Center for Environmental and Geographic Information Services (CEGIS)
- Formation: 2002
- Headquarters: Dhaka, Bangladesh
- Region served: Bangladesh
- Official language: Bengali
- Website: cegisbd.com
- Formerly called: Irrigation Support Project for Asia and the Near East (ISPAN) 1991–1995 Environmental and GIS Support Project for Water Sector Planning (EGIS) 1995–2002

= Centre for Environmental and Geographic Information Services =

Government Agency of Bangladesh

The Center for Environmental and Geographic Information Services is a government research center that is responsible for water system development and water capacity development and is located in Dhaka, Bangladesh.

==History==
The Centre for Environmental and Geographic Information Services was established on 16 May 2002 as a public trust.
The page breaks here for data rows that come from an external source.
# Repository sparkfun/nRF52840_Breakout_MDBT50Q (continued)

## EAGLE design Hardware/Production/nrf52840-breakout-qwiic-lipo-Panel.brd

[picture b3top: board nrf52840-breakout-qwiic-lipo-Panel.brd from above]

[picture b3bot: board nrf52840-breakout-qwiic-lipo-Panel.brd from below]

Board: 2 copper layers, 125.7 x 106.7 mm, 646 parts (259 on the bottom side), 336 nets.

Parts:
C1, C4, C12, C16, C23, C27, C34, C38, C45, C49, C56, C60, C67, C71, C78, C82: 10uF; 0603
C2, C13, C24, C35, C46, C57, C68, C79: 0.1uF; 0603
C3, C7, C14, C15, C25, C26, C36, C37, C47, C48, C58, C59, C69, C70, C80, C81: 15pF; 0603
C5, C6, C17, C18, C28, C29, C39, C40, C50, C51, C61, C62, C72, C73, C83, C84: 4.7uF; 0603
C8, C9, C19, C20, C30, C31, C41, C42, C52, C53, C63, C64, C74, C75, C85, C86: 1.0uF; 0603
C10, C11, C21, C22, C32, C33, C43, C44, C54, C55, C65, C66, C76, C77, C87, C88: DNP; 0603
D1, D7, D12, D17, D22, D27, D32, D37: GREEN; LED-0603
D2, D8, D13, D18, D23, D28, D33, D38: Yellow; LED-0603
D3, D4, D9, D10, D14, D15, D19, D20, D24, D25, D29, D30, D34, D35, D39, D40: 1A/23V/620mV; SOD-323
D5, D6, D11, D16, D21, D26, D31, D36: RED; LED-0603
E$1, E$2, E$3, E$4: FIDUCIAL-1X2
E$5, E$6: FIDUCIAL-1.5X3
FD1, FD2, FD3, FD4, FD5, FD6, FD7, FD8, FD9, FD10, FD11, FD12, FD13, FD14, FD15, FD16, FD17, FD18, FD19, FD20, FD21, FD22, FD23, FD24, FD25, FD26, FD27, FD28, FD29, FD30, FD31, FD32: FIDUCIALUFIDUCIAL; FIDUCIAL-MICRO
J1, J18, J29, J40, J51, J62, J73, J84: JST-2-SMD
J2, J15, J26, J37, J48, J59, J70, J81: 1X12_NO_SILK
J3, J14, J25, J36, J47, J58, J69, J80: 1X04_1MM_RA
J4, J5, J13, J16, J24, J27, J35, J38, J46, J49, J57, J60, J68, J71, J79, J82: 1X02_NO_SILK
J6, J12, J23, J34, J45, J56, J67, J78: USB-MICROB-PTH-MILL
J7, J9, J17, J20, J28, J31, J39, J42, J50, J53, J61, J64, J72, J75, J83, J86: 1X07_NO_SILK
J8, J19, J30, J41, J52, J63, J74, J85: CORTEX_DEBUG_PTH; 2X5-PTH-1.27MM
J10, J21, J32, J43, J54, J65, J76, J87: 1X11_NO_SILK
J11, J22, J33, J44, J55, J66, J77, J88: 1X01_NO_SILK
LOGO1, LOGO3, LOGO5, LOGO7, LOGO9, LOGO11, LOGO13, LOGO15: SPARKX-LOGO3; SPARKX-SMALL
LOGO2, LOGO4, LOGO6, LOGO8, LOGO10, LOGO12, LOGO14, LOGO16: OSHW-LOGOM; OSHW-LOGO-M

Following the flooding in 1987 and 1988 the government of Bangladesh felt the need for a detailed plan to prevent flooding and body to implement it. Based on the Flood Action Plan, the government launched Environmental and Geographic Information System Support Project for Water Sector Planning (EGIS) in 1996 and EGIS-2 in 1997 which ended in 2002, both supported by the Government of Bangladesh and Government of the Netherlands. The government continued the policies of EGIS with the establishment of Centre for Environmental and Geographic Information Services. The center is under the Ministry of Water Resources. It developed Community-based Flood Information System which warned people in coastal areas through SMS. It is part of the Australian funded Bangladesh integrated water resources assessment project since 2011.